The paper looks broadly at five topics: forest conservation, forest products and their role in carbon storage, wood as a source of green bioenergy, tree planting and carbon storage; and a carbon neutral philosophy in managing our forests.
The paper includes recommendations that would set B.C. on a new course in managing its forests and forest products to store more carbon and produce less carbon dioxide.
Some of the recommendations, supported by extensive references, include the following: “Conserve more forest; Increase the age at which the forests are logged; Eliminate egregiously high levels of wood waste at logging sites; Chart a new way forward for reforesting and rehabilitating forestlands; Promote solid wood products as the first and best use of the wood coming out of our forests; Carefully weigh under what circumstances wood-based energy may make sense from a climate change perspective; and fully account for all forest carbon in both forests and forest products.”
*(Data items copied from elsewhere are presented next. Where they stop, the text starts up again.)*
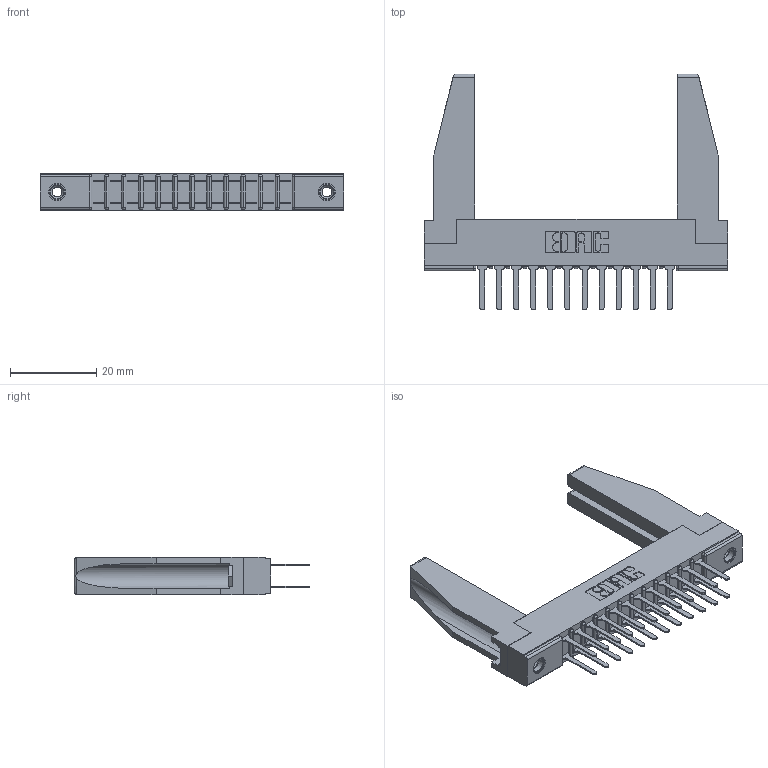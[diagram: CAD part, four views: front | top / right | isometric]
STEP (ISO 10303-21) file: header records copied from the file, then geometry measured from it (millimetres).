
FILE_DESCRIPTION (( 'STEP AP203' ), '1' );
FILE_NAME ('357-024-422-278.STEP', '2020-10-03T00:43:20', ( '' ), ( '' ), 'SwSTEP 2.0', 'SolidWorks 2020', '' );
FILE_SCHEMA (( 'CONFIG_CONTROL_DESIGN' ));
Length unit declared in the file: inch
Products named in the file (5): 357-024-422-278; 307 Part_.156 Dia Mounting Holes; 307-290-001_522; 307-220-078; 345-250-001_345-250-001-102
Assembly tree (29 placements, depth 2):
  357-024-422-278
    307 Part_.156 Dia Mounting Holes
    307-290-001_522  x24
    307-220-078  x2
    345-250-001_345-250-001-102  x2
Bounding box: 70.56 x 54.81 x 8.71 mm (x, y, z)
Volume: 8661.6 mm3; surface area: 11818.4 mm2
Topology: 29 solids, 29 shells, 1365 faces, 3773 edges, 2438 vertices
Faces by surface type: plane 898, cylinder 425, sphere 26, cone 12, torus 4
Entity records: 16777 total; most frequent: CARTESIAN_POINT 2762, ORIENTED_EDGE 2692, DIRECTION 2672, EDGE_CURVE 1346, LINE 1024, VECTOR 1024, VERTEX_POINT 872, AXIS2_PLACEMENT_3D 824
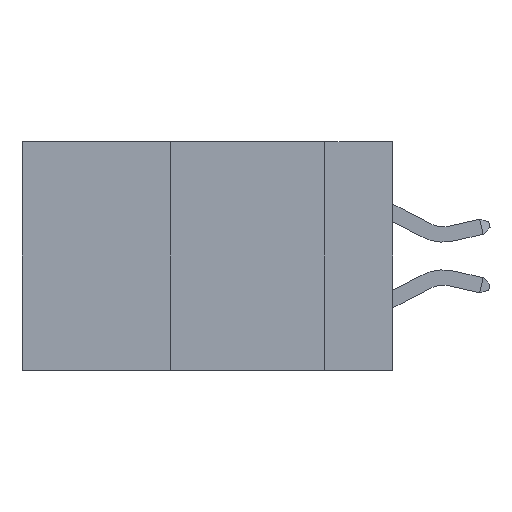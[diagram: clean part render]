
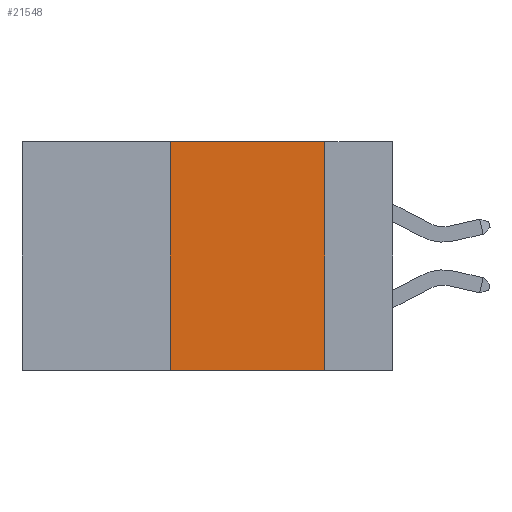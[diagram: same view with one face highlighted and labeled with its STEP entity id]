
A CAD part, left-side view. The second image highlights one B-rep face of the part: STEP entity #21548.
In plain terms, the highlighted planar face has unit normal (-1, 0, 0).
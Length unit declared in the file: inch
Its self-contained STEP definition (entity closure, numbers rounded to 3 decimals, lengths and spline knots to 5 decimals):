
#555 = EDGE_CURVE ( 'NONE', #19866, #16465, #17613, .T. ) ;
#566 = VECTOR ( 'NONE', #17032, 39.37008 ) ;
#619 = CARTESIAN_POINT ( 'NONE',  ( 0., 0.6, 0. ) ) ;
#805 = DIRECTION ( 'NONE',  ( 0., 0., -1. ) ) ;
#1935 = CARTESIAN_POINT ( 'NONE',  ( 0., 0.6, 0. ) ) ;
#2524 = AXIS2_PLACEMENT_3D ( 'NONE', #1935, #13026, #22344 ) ;
#2736 = LINE ( 'NONE', #21182, #3767 ) ;
#2948 = ORIENTED_EDGE ( 'NONE', *, *, #3729, .T. ) ;
#3240 = CARTESIAN_POINT ( 'NONE',  ( 0., 0.11, -0.37 ) ) ;
#3729 = EDGE_CURVE ( 'NONE', #23344, #17931, #12963, .T. ) ;
#3747 = PLANE ( 'NONE',  #2524 ) ;
#3767 = VECTOR ( 'NONE', #4798, 39.37008 ) ;
#4794 = ORIENTED_EDGE ( 'NONE', *, *, #9365, .F. ) ;
#4798 = DIRECTION ( 'NONE',  ( 0., 0., 1. ) ) ;
#6357 = DIRECTION ( 'NONE',  ( 0., -1., 0. ) ) ;
#7678 = CARTESIAN_POINT ( 'NONE',  ( 0., 0.11, 0. ) ) ;
#8488 = LINE ( 'NONE', #13710, #12320 ) ;
#9365 = EDGE_CURVE ( 'NONE', #16465, #17931, #8488, .T. ) ;
#11225 = EDGE_CURVE ( 'NONE', #23344, #19866, #2736, .T. ) ;
#12320 = VECTOR ( 'NONE', #805, 39.37008 ) ;
#12963 = LINE ( 'NONE', #20329, #566 ) ;
#13026 = DIRECTION ( 'NONE',  ( 1., 0., 0. ) ) ;
#13260 = ORIENTED_EDGE ( 'NONE', *, *, #11225, .F. ) ;
#13710 = CARTESIAN_POINT ( 'NONE',  ( 0., 0.11, 0. ) ) ;
#16465 = VERTEX_POINT ( 'NONE', #7678 ) ;
#17032 = DIRECTION ( 'NONE',  ( 0., -1., 0. ) ) ;
#17613 = LINE ( 'NONE', #619, #18729 ) ;
#17931 = VERTEX_POINT ( 'NONE', #3240 ) ;
#18478 = ORIENTED_EDGE ( 'NONE', *, *, #555, .F. ) ;
#18729 = VECTOR ( 'NONE', #6357, 39.37008 ) ;
#19376 = EDGE_LOOP ( 'NONE', ( #4794, #18478, #13260, #2948 ) ) ;
#19866 = VERTEX_POINT ( 'NONE', #21151 ) ;
#20329 = CARTESIAN_POINT ( 'NONE',  ( 0., 0.6, -0.37 ) ) ;
#21151 = CARTESIAN_POINT ( 'NONE',  ( 0., 0.36, 0. ) ) ;
#21182 = CARTESIAN_POINT ( 'NONE',  ( 0., 0.36, 0. ) ) ;
#21548 = ADVANCED_FACE ( 'NONE', ( #21970 ), #3747, .F. ) ;
#21970 = FACE_OUTER_BOUND ( 'NONE', #19376, .T. ) ;
#22195 = CARTESIAN_POINT ( 'NONE',  ( 0., 0.36, -0.37 ) ) ;
#22344 = DIRECTION ( 'NONE',  ( 0., 0., -1. ) ) ;
#23344 = VERTEX_POINT ( 'NONE', #22195 ) ;

While some of the recommendations like preserving more old growth especially in the productive long lived forests and promoting an older age for AAC determinations are controversial in the highly competitive forest industry, the author makes a strong case for future carbon capture and cap and trade scenarios.
The promotion of wood products for construction purposes should be encouraged by both industrial forest companies and conservation groups.
The author points out that it takes 2.9 times more fossil fuel energy to produce the equivalent amount of concrete slabs, 3.1 times more energy to produce the equivalent amount of clay bricks, and 17.3 times more energy to produce the equivalent amount of steel studs as it does softwood lumber.
While steel can be recycled, tremendous amounts of energy are required to do so.
Such energy far exceeds that expended to grow seedlings and transport them to logging sites, where the seedlings soon offset all of the energy required to produce them by pulling CO2 out of the atmosphere.
Other initiatives include the suggestion to raise the limit of wood frame construction from four to six stories and utilization of less steel in multiple family housing.
Finally, while wood is demonstrably better for our environment when compared to other building materials, it may all come to naught if the buildings themselves are not built to last. i.e. “leaky condo crisis.”
In some buildings the exterior walls of buildings were re-sheathed at enormous cost in terms of new materials and energy output. In 2008, total repair costs for improperly built strata title apartments and condominiums alone was estimated at $3 billion to $4 billion.
Jim Hilton is a professional agrologist and forester who has lived and worked in the Cariboo Chilcotin for the past 40 years. Now retired, Hilton still volunteers his skills with local community forests organizations.